Items from a dataset:
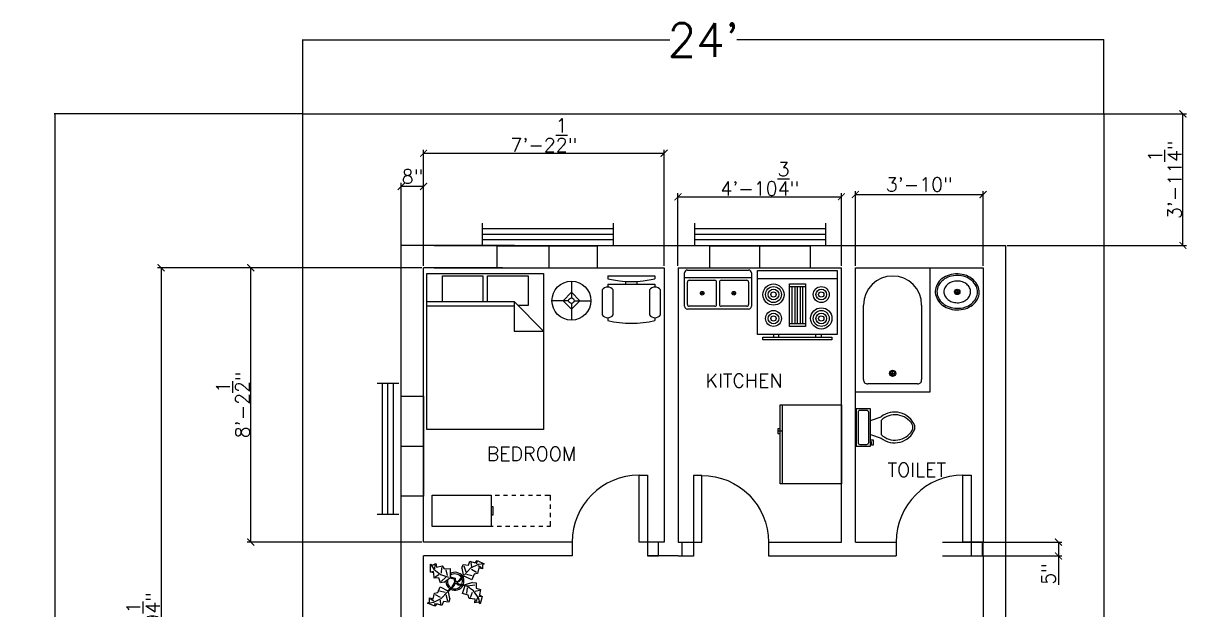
# Model space of a CAD drawing. Header units: inches. Extents: x 2392 to 5615, y 1950 to 5026.
# Drawn here: x 2552.3 to 2970.5, y 2254.9 to 2465.6 of the extents above; entities that cross this region are included whole.
import ezdxf

# ---------------------------------------------------------------- set-up
doc = ezdxf.new("R2010")
doc.units = ezdxf.units.IN
for name, color, linetype in [('blocks', 3, 'Continuous'), ('doors', 5, 'Continuous'), ('text', 1, 'Continuous'), ('windows', 2, 'Continuous')]:
    doc.layers.add(name, color=color, linetype=linetype)
doc.styles.get("Standard").update_dxf_attribs({"font": 'simplex.shx', "height": 5})
doc.dimstyles.new('Copy of ISO-25', dxfattribs={"dimtxt": 5, "dimasz": 2.5, "dimexe": 1.25, "dimexo": 0.625, "dimtad": 1, "dimlunit": 4, "dimtxsty": 'Standard', "dimblk": 'ARCHTICK', "dimcen": 2.5, "dimadec": 0, "dimazin": 0, "dimtfac": 1, "dimtmove": 0, "dimatfit": 3, "dimldrblk": 'ARCHTICK', "dimfxl": 1, "dimarcsym": 0})
doc.dimstyles.get("Standard").update_dxf_attribs({"dimtxt": 0.18, "dimasz": 0.18, "dimexe": 0.18, "dimexo": 0.0625, "dimgap": 0.09, "dimtad": 0, "dimtih": 1, "dimtoh": 1, "dimzin": 0, "dimdsep": 46, "dimlunit": 4, "dimtxsty": 'Standard', "dimblk": 'ARCHTICK', "dimcen": 0.09, "dimadec": 0, "dimazin": 0, "dimtfac": 1, "dimtofl": 0, "dimtmove": 0, "dimatfit": 3, "dimfxl": 1, "dimtolj": 1, "dimtzin": 0, "dimarcsym": 0})

# ---------------------------------------------------------------- blocks, each defined once
blk = doc.blocks.new('door')
at = {"layer": 'doors'}
for points in [[(-7, 5), (-7, 29), (-4, 29), (-4, 5)], [(-4, 5), (-4, 0), (0, 0), (0, 5)]]:
    blk.add_lwpolyline(points, close=True, dxfattribs=at)
blk.add_arc((-7, 5), 24, 90, 180, dxfattribs=at)
blk = doc.blocks.new('window')
at = {"layer": 'windows'}
blk.add_lwpolyline([(0, 8), (36, 8), (36, 0), (0, 0)], close=True, dxfattribs=at)
blk = doc.blocks.new('Bath Tub - 26 x 60 in.')
for p, q in [((8, -18), (10, -18)), ((9, -17), (9, -19))]:
    blk.add_line(p, q)
blk.add_lwpolyline([(0, -36), (0, 0), (60, 0), (60, -36)], close=True)
for points in [[(6, -4), (42, -4)], [(4, -30), (4, -6)], [(42, -32), (6, -32)]]:
    blk.add_lwpolyline(points)
for radius in [1.5, 1]:
    blk.add_circle((9, -18), radius)
for centre, radius, start, end in [((5.75, -5.75), 1.77, 81.8699, 188.1301), ((42, -18), 14, 270, 90), ((5.75, -30.25), 1.77, 171.8699, 278.1301)]:
    blk.add_arc(centre, radius, start, end)
blk = doc.blocks.new('Toilet - top')
for p, q in [((9.5, -6), (9.5, -2)), ((-10, -8.5), (-8, -8.5)), ((-10, -9.5), (-10, -8.5)), ((-7, -9.5), (-10, -9.5)), ((-8, -8.5), (-8, -8)), ((-7, -8), (-7, -9.5)), ((-4, -8), (-6, -14)), ((4, -8), (6, -14)), ((4, -14), (-4, -14))]:
    blk.add_line(p, q)
blk.add_lwpolyline([(10.5, -8), (10.5, 0), (-10.5, 0), (-10.5, -8)], close=True)
for points in [[(-9.5, -2), (-9.5, -6)], [(8.5, -1), (-8.5, -1)], [(-8.5, -7), (8.5, -7)]]:
    blk.add_lwpolyline(points)
for centre, radius, start, end in [((-8.62, -1.88), 0.884, 81.8699, 188.1301), ((-8.62, -6.12), 0.884, 171.8699, 278.1301), ((8.62, -1.88), 0.884, 351.8699, 98.1301), ((8.62, -6.12), 0.884, 261.8699, 8.1301), ((3.52, -21.58), 12.17, 141.46911, 247.97143), ((4.2, -21.82), 11.33, 136.36773, 238.94682), ((-3.52, -21.58), 12.17, 292.02843, 38.53071), ((-4.2, -21.82), 11.33, 301.05301, 43.63209), ((0, -27.88), 4, 245.73182, 294.26817), ((0, -29), 4, 254.86053, 285.13947)]:
    blk.add_arc(centre, radius, start, end)
blk = doc.blocks.new('Sink - Oval top')
for p, q in [((-1, 0), (1, 0)), ((0, 1), (0, -1))]:
    blk.add_line(p, q)
at = {"linetype": 'Continuous'}
for points in [[(-12.23, 0.39, 0.117634), (-11.46, -3.36, 0.104469), (-8.88, -6.8, 0.090016), (-5.08, -9.07, 0.08192), (-0.32, -10.02, 0.08192), (4.49, -9.38, 0.090016), (8.42, -7.36, 0.104469), (11.22, -4.09, 0.117634), (12.23, -0.39, 0.117634), (11.46, 3.36, 0.104469), (8.88, 6.8, 0.090016), (5.08, 9.07, 0.08192), (0.32, 10.02, 0.08192), (-4.49, 9.38, 0.090016), (-8.42, 7.36, 0.104469), (-11.22, 4.09, 0.117634)], [(-11.29, 0.16, 0.118622), (-10.52, -3.25, 0.104678), (-8.07, -6.36, 0.089562), (-4.54, -8.37, 0.081185), (-0.13, -9.15, 0.081185), (4.3, -8.49, 0.089562), (7.89, -6.58, 0.104678), (10.42, -3.55, 0.118622), (11.29, -0.16, 0.118622), (10.52, 3.25, 0.104678), (8.07, 6.36, 0.089562), (4.54, 8.37, 0.081185), (0.13, 9.15, 0.081185), (-4.3, 8.49, 0.089562), (-7.89, 6.58, 0.104678), (-10.42, 3.55, 0.118622)], [(-7.42, 0.08, 0.118283), (-6.91, -2.17, 0.104607), (-5.29, -4.21, 0.089718), (-2.97, -5.53, 0.081436), (-0.07, -6.04, 0.081436), (2.84, -5.59, 0.089718), (5.2, -4.33, 0.104607), (6.86, -2.32, 0.118283), (7.42, -0.08, 0.118283), (6.91, 2.17, 0.104607), (5.29, 4.21, 0.089718), (2.97, 5.53, 0.081436), (0.07, 6.04, 0.081436), (-2.84, 5.59, 0.089718), (-5.2, 4.33, 0.104607), (-6.86, 2.32, 0.118283)]]:
    blk.add_lwpolyline(points, format="xyb", close=True, dxfattribs=at)
for radius in [1.5, 1]:
    blk.add_circle((0, 0), radius)
blk = doc.blocks.new('Chair - Desk')
at = {"linetype": 'Continuous'}
for p, q in [((-8.5, 0), (-8.5, -1)), ((-8.5, 0), (8.5, 0)), ((8.5, 0), (8.5, -1)), ((-8.5, -3), (-8.5, -4)), ((-8.5, -3), (8.5, -3)), ((-2, -3), (-2, -1.9355)), ((2, -1.9576), (2, -3)), ((8.5, -3), (8.5, -4)), ((-10.5, -5), (-10.5, -14)), ((-6.5, -14), (-6.5, -5)), ((6.5, -5), (6.5, -14)), ((10.5, -14), (10.5, -5)), ((-8.5, -15), (-8.5, -16)), ((8.5, -15), (8.5, -16))]:
    blk.add_line(p, q, dxfattribs=at)
for centre, radius, start, end in [((-8.5, -6.5), 2.5, 36.8699, 143.1301), ((0, 34.625), 36.625, 256.5803, 283.4197), ((8.5, -6.5), 2.5, 36.8699, 143.1301), ((-8.5, -12.5), 2.5, 216.8699, 323.1301), ((0, 19.625), 36.625, 256.5803, 283.4197), ((8.5, -12.5), 2.5, 216.8699, 323.1301)]:
    blk.add_arc(centre, radius, start, end, dxfattribs=at)
blk = doc.blocks.new('Bed - Queen')
at = {"linetype": 'Continuous'}
for p, q in [((0, -80.00003), (0, 0)), ((0, 0), (59.99999, 0)), ((59.99999, 0), (59.99999, -80.00003)), ((7.99999, -1.2), (28.79998, -1.2)), ((7.99999, -14.4), (7.99999, -1.2)), ((28.79998, -1.2), (28.79998, -14.4)), ((31.19999, -1.2), (51.99999, -1.2)), ((31.19999, -14.4), (31.19999, -1.2)), ((51.99999, -1.2), (51.99999, -16.4)), ((0, -14.4), (44.8, -14.4)), ((44.8, -16.8), (0, -16.8)), ((59.99999, -29.6), (44.8, -14.4)), ((44.8, -14.4), (44.8, -29.6)), ((51.99999, -16.4), (46.79936, -16.4)), ((44.8, -29.6), (59.99999, -29.6)), ((59.99999, -80.00003), (0, -80.00003))]:
    blk.add_line(p, q, dxfattribs=at)
blk = doc.blocks.new('Lamp - Table')
at = {"linetype": 'Continuous'}
for p, q in [((0, 7), (0, 1)), ((-1, 0), (-7, 0)), ((0, 3), (-3, 0)), ((-3, 0), (0, -3)), ((3, 0), (0, 3)), ((0, -3), (3, 0)), ((1, 0), (7, 0)), ((0, -1), (0, -7))]:
    blk.add_line(p, q, dxfattribs=at)
for radius in [7, 1]:
    blk.add_circle((0, 0), radius, dxfattribs=at)
blk = doc.blocks.new('Sink-double - 36 in top')
for p, q in [((-18, -4), (18, -4)), ((-0.75, -18.5), (-0.75, -6.5)), ((0.75, -6.5), (0.75, -18.5))]:
    blk.add_line(p, q)
for points in [[(-16.5, 0), (16.5, 0)], [(-18, -19.5), (-18, -1.5)], [(-15.5, -5.5), (-1.75, -5.5)], [(1.75, -5.5), (15.5, -5.5)], [(18, -1.5), (18, -19.5)], [(-16.5, -18.5), (-16.5, -6.5)], [(16.5, -6.5), (16.5, -18.5)], [(16.5, -21), (-16.5, -21)], [(-1.75, -19.5), (-15.5, -19.5)], [(15.5, -19.5), (1.75, -19.5)]]:
    blk.add_lwpolyline(points)
for centre, radius in [((-8.5, -12.5), 1), ((-8.5, -12.5), 0.5), ((8.5, -12.5), 1), ((8.5, -12.5), 0.5)]:
    blk.add_circle(centre, radius)
for centre, radius, start, end in [((-16.5, -1.5), 1.5, 90, 180), ((16.5, -1.5), 1.5, 0, 90), ((-15.5, -6.5), 1, 90, 180), ((-1.75, -6.5), 1, 0, 90), ((1.75, -6.5), 1, 90, 180), ((15.5, -6.5), 1, 0, 90), ((-15.5, -18.5), 1, 180, 270), ((-1.75, -18.5), 1, 270, 0), ((1.75, -18.5), 1, 180, 270), ((15.5, -18.5), 1, 270, 0), ((-16.5, -19.5), 1.5, 180, 270), ((16.5, -19.5), 1.5, 270, 0)]:
    blk.add_arc(centre, radius, start, end)
blk = doc.blocks.new('Refrigerator-2 door - 36 in top')
for p, q in [((0, -26.999999), (36, -26.999999)), ((11, -27.999999), (11, -28.999999)), ((11, -28.999999), (13, -28.999999)), ((12, -26.999999), (12, -28.999999)), ((13, -28.999999), (13, -27.999999))]:
    blk.add_line(p, q)
blk.add_lwpolyline([(0, -27.999999), (0, 0), (36, 0), (36, -27.999999)], close=True)
blk = doc.blocks.new('Range-Oven - 30 in top')
for p, q in [((0, -3), (30, -3)), ((12, -6), (18, -6)), ((13, -20), (13, -6)), ((14, -6), (14, -20)), ((15, -20), (15, -6)), ((16, -6), (16, -20)), ((17, -20), (17, -6)), ((18, -20), (12, -20)), ((6, -24), (6, -25)), ((8, -25), (8, -24)), ((22, -25), (22, -24)), ((24, -24), (24, -25))]:
    blk.add_line(p, q)
for points in [[(0, -24), (0, 0), (30, 0), (30, -24)], [(12, -21), (12, -5), (18, -5), (18, -21)], [(2, -26), (2, -25), (28, -25), (28, -26)]]:
    blk.add_lwpolyline(points, close=True)
for centre, radius in [((6, -9), 4), ((6, -9), 3), ((6, -9), 2), ((6, -9), 1), ((24, -9), 3), ((24, -9), 2), ((24, -9), 1), ((6, -18), 3), ((6, -18), 2), ((6, -18), 1), ((24, -18), 4), ((24, -18), 3), ((24, -18), 2), ((24, -18), 1)]:
    blk.add_circle(centre, radius)
blk = doc.blocks.new('File Cabinet - Letter')
at = {"linetype": 'Continuous'}
for p, q in [((0, 0), (15, 0)), ((0, -28.5), (0, 0)), ((15, 0), (15, -28.5)), ((15, -28.5), (0, -28.5)), ((0, -29.5), (0, -28.5)), ((0, -33.5), (0, -31.5)), ((5.5, -28.5), (5.5, -29.5)), ((5.5, -29.5), (9.5, -29.5)), ((9.5, -29.5), (9.5, -28.5)), ((15, -30.5), (15, -32.5)), ((0, -37.5), (0, -35.5)), ((15, -34.5), (15, -36.5)), ((15, -38.5), (15, -40.5)), ((0, -41.5), (0, -39.5)), ((0, -45.5), (0, -43.5)), ((15, -42.5), (15, -44.5)), ((0, -49.5), (0, -47.5)), ((15, -46.5), (15, -48.5)), ((15, -50.5), (15, -52.5)), ((0, -53.5), (0, -51.5)), ((0, -57), (0, -55.5)), ((15, -54.5), (15, -57)), ((2.5, -57), (0, -57)), ((6.5, -57), (4.5, -57)), ((10.5, -57), (8.5, -57)), ((15, -57), (12.5, -57))]:
    blk.add_line(p, q, dxfattribs=at)
blk = doc.blocks.new('Plant - Rubber or Philodendron')
at = {"linetype": 'Continuous'}
for p, q in [((-16.2005, 11.4774), (-13.9899, 8.1064)), ((-16.2005, 11.4774), (-14.8639, 10.7964)), ((-16.0159, 6.3329), (-16.2005, 11.4774)), ((-14.8639, 10.7964), (-12.6195, 11.8975)), ((-13.9899, 8.1064), (-9.5434, 4.7185)), ((-13.3174, 8.325), (-13.0735, 11.0065)), ((-12.6195, 11.8975), (-12.1909, 9.4345)), ((-12.1909, 9.4345), (-8.3829, 10.3)), ((-8.8369, 9.409), (-9.0894, 5.6095)), ((-8.3829, 10.3), (-7.0549, 8.501)), ((-7.0549, 8.501), (-3.0284, 8.6941)), ((-4.8529, 4.012), (-5.7184, 7.82)), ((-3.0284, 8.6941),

## Problem requirements
Could you copy, exactly and with no pictures, each line from the first one above to the line holding "blk.add_circle((9, -18), radius)"?

## Response area
# Model space of a CAD drawing. Header units: inches. Extents: x 2392 to 5615, y 1950 to 5026.
# Drawn here: x 2552.3 to 2970.5, y 2254.9 to 2465.6 of the extents above; entities that cross this region are included whole.
import ezdxf

# ---------------------------------------------------------------- set-up
doc = ezdxf.new("R2010")
doc.units = ezdxf.units.IN
for name, color, linetype in [('blocks', 3, 'Continuous'), ('doors', 5, 'Continuous'), ('text', 1, 'Continuous'), ('windows', 2, 'Continuous')]:
    doc.layers.add(name, color=color, linetype=linetype)
doc.styles.get("Standard").update_dxf_attribs({"font": 'simplex.shx', "height": 5})
doc.dimstyles.new('Copy of ISO-25', dxfattribs={"dimtxt": 5, "dimasz": 2.5, "dimexe": 1.25, "dimexo": 0.625, "dimtad": 1, "dimlunit": 4, "dimtxsty": 'Standard', "dimblk": 'ARCHTICK', "dimcen": 2.5, "dimadec": 0, "dimazin": 0, "dimtfac": 1, "dimtmove": 0, "dimatfit": 3, "dimldrblk": 'ARCHTICK', "dimfxl": 1, "dimarcsym": 0})
doc.dimstyles.get("Standard").update_dxf_attribs({"dimtxt": 0.18, "dimasz": 0.18, "dimexe": 0.18, "dimexo": 0.0625, "dimgap": 0.09, "dimtad": 0, "dimtih": 1, "dimtoh": 1, "dimzin": 0, "dimdsep": 46, "dimlunit": 4, "dimtxsty": 'Standard', "dimblk": 'ARCHTICK', "dimcen": 0.09, "dimadec": 0, "dimazin": 0, "dimtfac": 1, "dimtofl": 0, "dimtmove": 0, "dimatfit": 3, "dimfxl": 1, "dimtolj": 1, "dimtzin": 0, "dimarcsym": 0})

# ---------------------------------------------------------------- blocks, each defined once
blk = doc.blocks.new('door')
at = {"layer": 'doors'}
for points in [[(-7, 5), (-7, 29), (-4, 29), (-4, 5)], [(-4, 5), (-4, 0), (0, 0), (0, 5)]]:
    blk.add_lwpolyline(points, close=True, dxfattribs=at)
blk.add_arc((-7, 5), 24, 90, 180, dxfattribs=at)
blk = doc.blocks.new('window')
at = {"layer": 'windows'}
blk.add_lwpolyline([(0, 8), (36, 8), (36, 0), (0, 0)], close=True, dxfattribs=at)
blk = doc.blocks.new('Bath Tub - 26 x 60 in.')
for p, q in [((8, -18), (10, -18)), ((9, -17), (9, -19))]:
    blk.add_line(p, q)
blk.add_lwpolyline([(0, -36), (0, 0), (60, 0), (60, -36)], close=True)
for points in [[(6, -4), (42, -4)], [(4, -30), (4, -6)], [(42, -32), (6, -32)]]:
    blk.add_lwpolyline(points)
for radius in [1.5, 1]:
    blk.add_circle((9, -18), radius)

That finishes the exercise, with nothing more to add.